■ ASSIGNMENT: Extract from the entries below, exactly as given, only the lines from the line containing "ZAxisFreePlant/1(z) -> ContactEnvironment/1(z), Unit" to the line containing "-> ZAxisFreePlant/1(i_cmd_mA), Scope5/1", both lines included.

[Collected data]
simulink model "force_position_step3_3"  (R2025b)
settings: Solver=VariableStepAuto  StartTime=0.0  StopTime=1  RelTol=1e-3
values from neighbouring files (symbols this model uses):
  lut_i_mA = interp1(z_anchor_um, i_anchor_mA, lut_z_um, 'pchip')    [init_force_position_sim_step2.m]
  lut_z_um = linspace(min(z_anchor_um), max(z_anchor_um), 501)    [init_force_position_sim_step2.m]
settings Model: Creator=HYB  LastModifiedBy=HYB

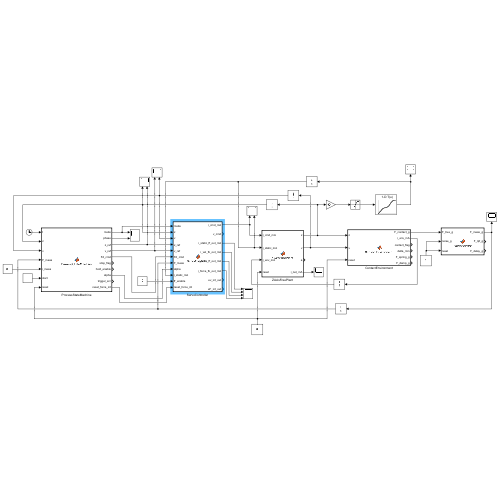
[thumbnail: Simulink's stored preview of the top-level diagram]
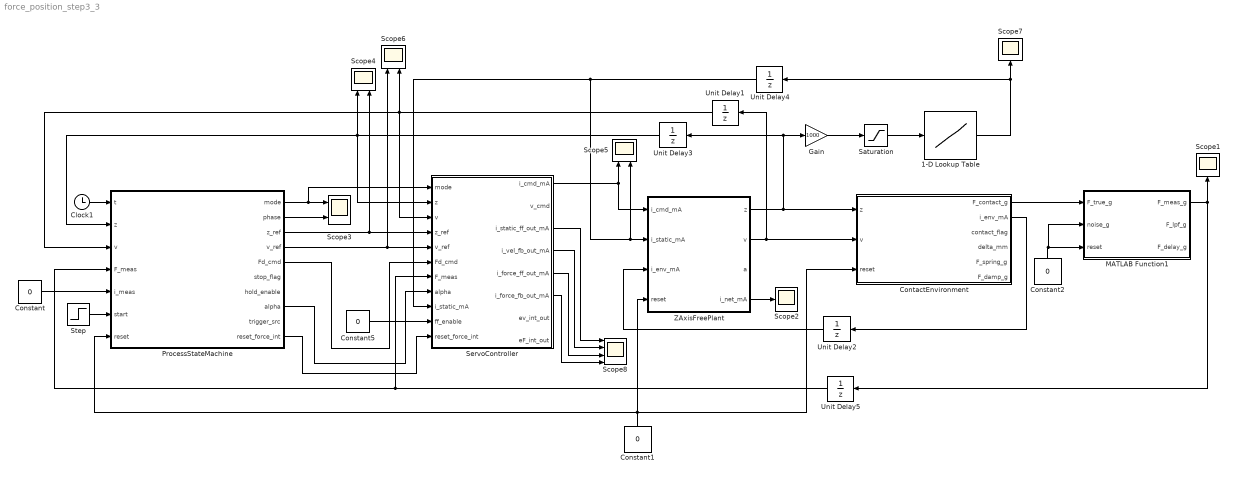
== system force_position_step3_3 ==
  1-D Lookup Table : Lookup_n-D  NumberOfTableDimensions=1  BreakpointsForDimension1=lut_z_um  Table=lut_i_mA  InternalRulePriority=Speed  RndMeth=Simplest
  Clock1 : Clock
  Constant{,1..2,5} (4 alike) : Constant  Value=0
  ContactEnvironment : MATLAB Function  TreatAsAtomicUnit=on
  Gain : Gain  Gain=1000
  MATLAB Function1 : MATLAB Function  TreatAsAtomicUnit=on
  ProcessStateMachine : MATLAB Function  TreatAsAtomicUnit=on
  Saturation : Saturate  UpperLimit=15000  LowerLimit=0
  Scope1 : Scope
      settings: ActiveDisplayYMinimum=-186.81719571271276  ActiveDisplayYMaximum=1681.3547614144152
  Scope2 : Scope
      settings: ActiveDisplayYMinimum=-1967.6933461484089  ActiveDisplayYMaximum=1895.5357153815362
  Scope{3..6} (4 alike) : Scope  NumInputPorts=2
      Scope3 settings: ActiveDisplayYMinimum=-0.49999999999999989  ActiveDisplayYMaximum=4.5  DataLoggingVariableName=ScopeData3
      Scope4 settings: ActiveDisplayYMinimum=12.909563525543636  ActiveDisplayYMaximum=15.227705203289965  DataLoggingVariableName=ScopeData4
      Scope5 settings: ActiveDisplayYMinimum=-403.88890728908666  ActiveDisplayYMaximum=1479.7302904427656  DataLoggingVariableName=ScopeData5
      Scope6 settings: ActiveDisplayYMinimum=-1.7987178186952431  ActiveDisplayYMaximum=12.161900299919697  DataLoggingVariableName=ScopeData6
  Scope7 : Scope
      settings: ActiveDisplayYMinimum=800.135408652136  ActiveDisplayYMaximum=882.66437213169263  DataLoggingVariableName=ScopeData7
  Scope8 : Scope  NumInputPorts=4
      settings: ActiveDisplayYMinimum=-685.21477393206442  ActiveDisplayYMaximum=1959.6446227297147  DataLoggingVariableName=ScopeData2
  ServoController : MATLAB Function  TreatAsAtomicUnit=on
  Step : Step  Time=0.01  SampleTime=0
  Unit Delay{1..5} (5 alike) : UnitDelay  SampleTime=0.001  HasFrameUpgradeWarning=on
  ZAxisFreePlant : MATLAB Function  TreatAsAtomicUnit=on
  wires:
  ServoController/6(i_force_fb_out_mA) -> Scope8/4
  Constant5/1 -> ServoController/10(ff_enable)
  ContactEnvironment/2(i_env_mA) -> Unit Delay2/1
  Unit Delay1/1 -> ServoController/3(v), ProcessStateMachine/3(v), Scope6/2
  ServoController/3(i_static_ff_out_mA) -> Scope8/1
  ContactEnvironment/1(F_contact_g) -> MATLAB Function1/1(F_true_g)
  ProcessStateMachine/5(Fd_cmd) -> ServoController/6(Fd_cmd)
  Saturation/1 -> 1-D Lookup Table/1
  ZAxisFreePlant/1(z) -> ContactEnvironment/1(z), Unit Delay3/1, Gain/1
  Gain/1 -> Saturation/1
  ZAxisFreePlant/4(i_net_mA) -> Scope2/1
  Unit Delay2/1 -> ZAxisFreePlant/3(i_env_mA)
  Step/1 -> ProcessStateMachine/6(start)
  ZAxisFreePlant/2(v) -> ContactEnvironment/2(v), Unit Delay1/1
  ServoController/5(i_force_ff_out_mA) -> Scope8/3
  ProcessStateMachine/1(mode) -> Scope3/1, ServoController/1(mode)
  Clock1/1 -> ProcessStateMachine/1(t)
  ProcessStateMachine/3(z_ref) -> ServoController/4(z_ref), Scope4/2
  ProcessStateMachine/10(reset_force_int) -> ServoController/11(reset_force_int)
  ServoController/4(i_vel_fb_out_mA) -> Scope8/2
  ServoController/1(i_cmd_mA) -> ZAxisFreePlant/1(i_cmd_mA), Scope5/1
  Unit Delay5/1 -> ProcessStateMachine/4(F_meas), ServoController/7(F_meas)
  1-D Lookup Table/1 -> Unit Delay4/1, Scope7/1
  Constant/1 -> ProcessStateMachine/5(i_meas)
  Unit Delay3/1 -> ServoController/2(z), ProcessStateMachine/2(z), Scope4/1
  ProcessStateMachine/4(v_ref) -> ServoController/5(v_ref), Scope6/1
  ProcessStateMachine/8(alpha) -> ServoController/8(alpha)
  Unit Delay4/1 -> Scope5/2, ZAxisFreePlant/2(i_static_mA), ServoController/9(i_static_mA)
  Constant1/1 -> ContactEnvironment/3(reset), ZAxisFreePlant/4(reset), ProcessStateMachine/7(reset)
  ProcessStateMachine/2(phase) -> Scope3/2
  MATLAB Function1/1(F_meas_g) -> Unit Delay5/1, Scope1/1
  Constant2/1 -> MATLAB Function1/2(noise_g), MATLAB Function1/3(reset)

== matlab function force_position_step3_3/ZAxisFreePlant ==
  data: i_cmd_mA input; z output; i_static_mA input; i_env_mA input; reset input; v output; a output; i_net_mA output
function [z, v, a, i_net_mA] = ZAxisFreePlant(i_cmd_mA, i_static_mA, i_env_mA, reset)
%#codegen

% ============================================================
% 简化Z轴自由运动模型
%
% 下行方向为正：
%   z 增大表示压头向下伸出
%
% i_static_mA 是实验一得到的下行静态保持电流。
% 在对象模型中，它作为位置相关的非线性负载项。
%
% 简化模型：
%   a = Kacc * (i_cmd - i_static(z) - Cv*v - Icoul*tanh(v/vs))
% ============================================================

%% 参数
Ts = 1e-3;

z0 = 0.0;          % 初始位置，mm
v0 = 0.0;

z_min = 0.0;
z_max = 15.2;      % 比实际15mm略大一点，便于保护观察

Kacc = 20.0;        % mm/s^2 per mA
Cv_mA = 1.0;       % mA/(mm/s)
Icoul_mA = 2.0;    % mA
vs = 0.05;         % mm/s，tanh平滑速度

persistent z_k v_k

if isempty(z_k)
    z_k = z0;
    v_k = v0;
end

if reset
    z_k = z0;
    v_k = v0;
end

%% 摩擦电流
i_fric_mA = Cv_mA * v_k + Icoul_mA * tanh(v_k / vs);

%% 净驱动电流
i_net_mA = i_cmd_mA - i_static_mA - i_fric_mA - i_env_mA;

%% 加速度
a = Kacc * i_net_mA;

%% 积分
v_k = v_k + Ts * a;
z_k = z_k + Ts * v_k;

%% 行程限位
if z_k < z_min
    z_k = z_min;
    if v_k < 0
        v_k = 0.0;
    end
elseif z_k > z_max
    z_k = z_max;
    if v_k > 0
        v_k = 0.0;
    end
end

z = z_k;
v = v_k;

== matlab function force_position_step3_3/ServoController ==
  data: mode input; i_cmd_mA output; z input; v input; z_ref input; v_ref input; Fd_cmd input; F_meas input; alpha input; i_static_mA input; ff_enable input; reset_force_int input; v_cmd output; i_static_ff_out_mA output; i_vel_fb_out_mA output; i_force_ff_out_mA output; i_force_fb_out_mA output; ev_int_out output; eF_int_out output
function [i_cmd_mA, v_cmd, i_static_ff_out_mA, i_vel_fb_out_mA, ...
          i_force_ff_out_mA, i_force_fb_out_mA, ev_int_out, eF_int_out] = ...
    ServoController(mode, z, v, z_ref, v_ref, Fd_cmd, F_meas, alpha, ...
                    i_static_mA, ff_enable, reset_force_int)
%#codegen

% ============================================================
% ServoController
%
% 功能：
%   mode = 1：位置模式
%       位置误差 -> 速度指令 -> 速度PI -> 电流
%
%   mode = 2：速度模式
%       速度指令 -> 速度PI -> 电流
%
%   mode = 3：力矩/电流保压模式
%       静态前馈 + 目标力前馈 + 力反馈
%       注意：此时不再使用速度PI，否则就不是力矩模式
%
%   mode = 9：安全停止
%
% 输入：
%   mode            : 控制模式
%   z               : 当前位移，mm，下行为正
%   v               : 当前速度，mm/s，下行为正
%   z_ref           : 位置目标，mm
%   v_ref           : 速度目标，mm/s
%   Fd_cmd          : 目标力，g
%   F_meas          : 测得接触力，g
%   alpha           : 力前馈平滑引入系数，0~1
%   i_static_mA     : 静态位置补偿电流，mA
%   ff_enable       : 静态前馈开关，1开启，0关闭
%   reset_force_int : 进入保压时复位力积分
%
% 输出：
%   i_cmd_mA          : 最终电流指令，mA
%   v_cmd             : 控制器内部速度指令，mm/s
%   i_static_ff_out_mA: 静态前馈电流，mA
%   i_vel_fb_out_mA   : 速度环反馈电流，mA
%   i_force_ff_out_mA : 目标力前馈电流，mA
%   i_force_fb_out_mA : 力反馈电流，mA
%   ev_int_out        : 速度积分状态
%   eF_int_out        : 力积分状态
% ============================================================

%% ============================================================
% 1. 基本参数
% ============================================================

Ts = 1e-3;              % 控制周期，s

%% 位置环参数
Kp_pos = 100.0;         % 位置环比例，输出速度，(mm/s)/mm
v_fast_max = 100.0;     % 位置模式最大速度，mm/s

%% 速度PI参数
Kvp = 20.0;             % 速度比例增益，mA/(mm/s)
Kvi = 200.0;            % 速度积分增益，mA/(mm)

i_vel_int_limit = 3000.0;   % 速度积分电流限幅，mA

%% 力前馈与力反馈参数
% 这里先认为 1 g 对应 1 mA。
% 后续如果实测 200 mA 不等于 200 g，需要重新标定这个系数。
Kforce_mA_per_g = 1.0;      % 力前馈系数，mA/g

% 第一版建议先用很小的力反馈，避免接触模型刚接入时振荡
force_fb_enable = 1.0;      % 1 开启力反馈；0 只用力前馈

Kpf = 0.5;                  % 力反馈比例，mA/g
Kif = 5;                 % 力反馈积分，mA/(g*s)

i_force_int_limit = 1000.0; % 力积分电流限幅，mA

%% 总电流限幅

■ RESULT OF THIS EXERCISE:
  ZAxisFreePlant/1(z) -> ContactEnvironment/1(z), Unit Delay3/1, Gain/1
  Gain/1 -> Saturation/1
  ZAxisFreePlant/4(i_net_mA) -> Scope2/1
  Unit Delay2/1 -> ZAxisFreePlant/3(i_env_mA)
  Step/1 -> ProcessStateMachine/6(start)
  ZAxisFreePlant/2(v) -> ContactEnvironment/2(v), Unit Delay1/1
  ServoController/5(i_force_ff_out_mA) -> Scope8/3
  ProcessStateMachine/1(mode) -> Scope3/1, ServoController/1(mode)
  Clock1/1 -> ProcessStateMachine/1(t)
  ProcessStateMachine/3(z_ref) -> ServoController/4(z_ref), Scope4/2
  ProcessStateMachine/10(reset_force_int) -> ServoController/11(reset_force_int)
  ServoController/4(i_vel_fb_out_mA) -> Scope8/2
  ServoController/1(i_cmd_mA) -> ZAxisFreePlant/1(i_cmd_mA), Scope5/1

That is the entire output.